■ What to do:
With all images left out, restate the records below exactly as written.

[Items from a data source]
————————
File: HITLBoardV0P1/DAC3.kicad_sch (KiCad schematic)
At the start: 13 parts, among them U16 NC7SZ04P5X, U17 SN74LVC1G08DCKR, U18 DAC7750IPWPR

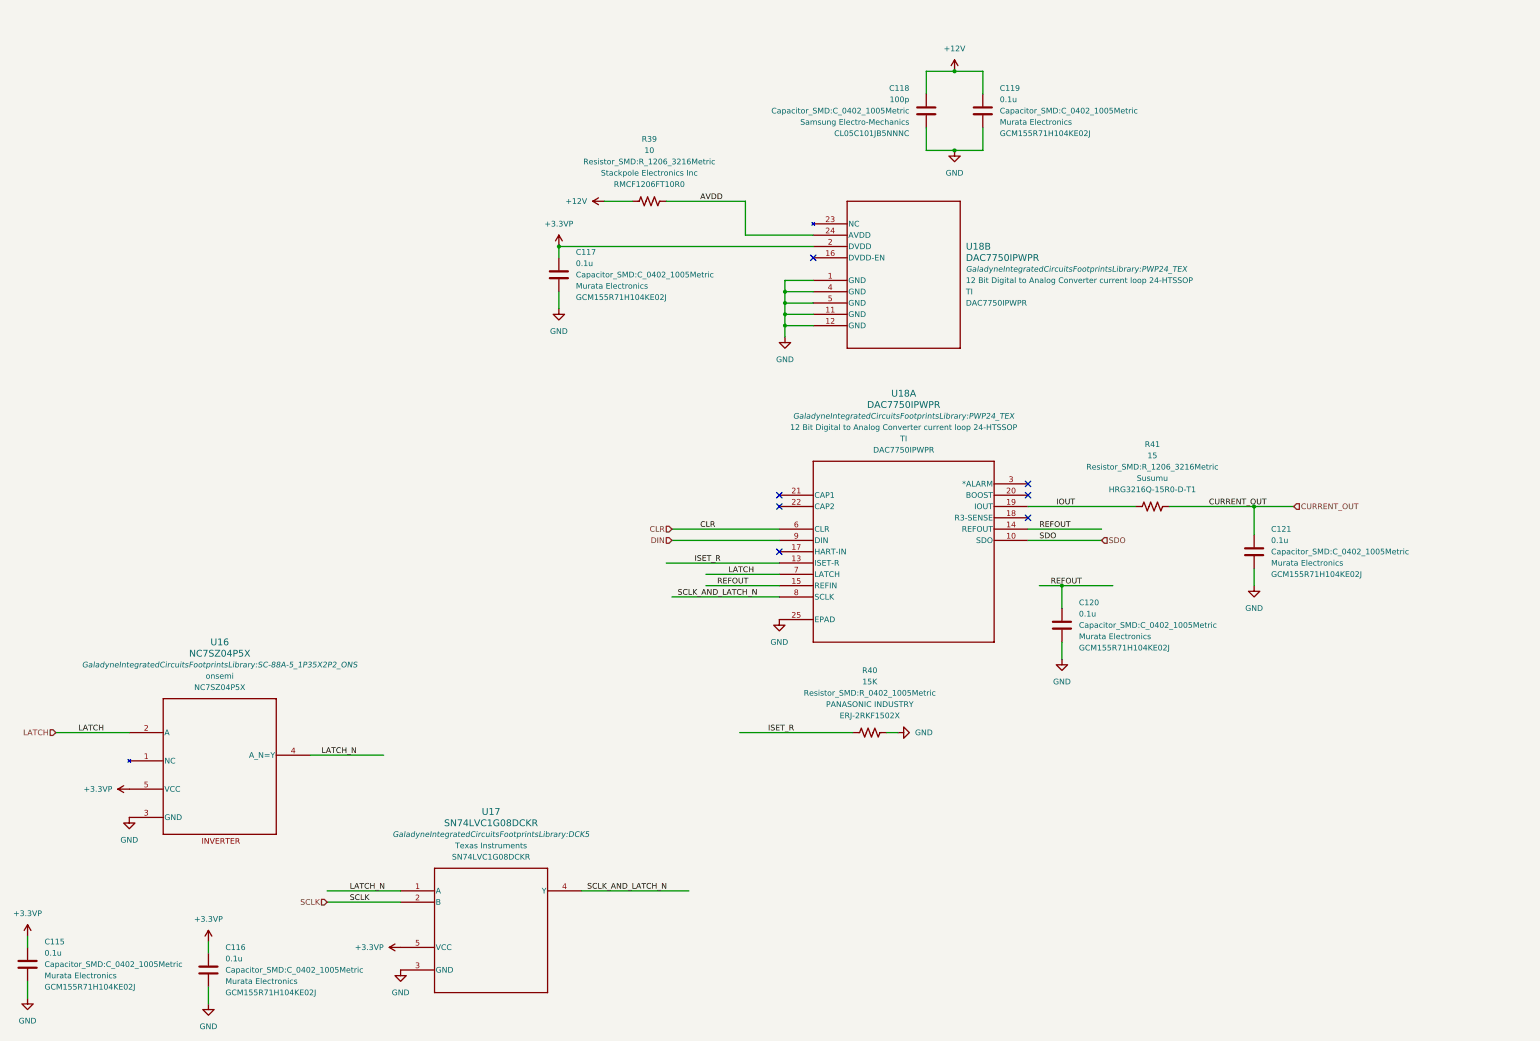
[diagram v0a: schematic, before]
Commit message: update to board with spi buses assigned
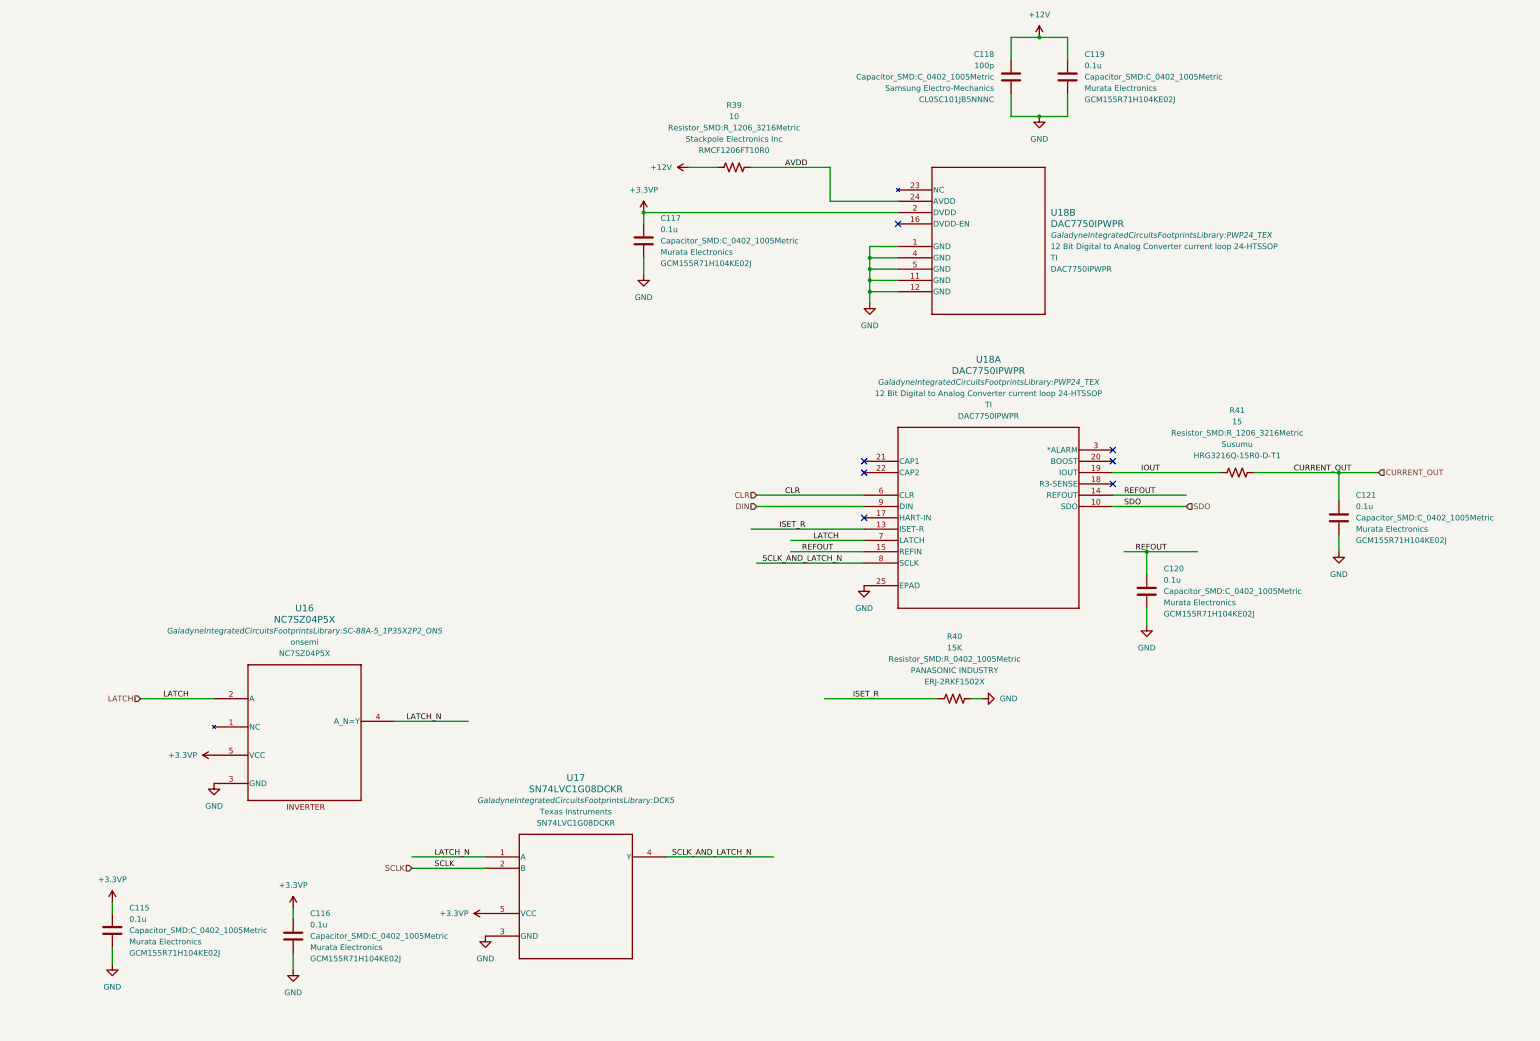
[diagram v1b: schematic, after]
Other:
- moved on the sheet: C115, C116, C117, C118, C119, C120, C121, R39, R40, R41, U16, U17
————————
■ Exercise solution:
File: HITLBoardV0P1/DAC3.kicad_sch (KiCad schematic)
At the start: 13 parts, among them U16 NC7SZ04P5X, U17 SN74LVC1G08DCKR, U18 DAC7750IPWPR

[diagram v0a: schematic, before]
Commit message: update to board with spi buses assigned
[diagram v1b: schematic, after]
Other:
- moved on the sheet: C115, C116, C117, C118, C119, C120, C121, R39, R40, R41, U16, U17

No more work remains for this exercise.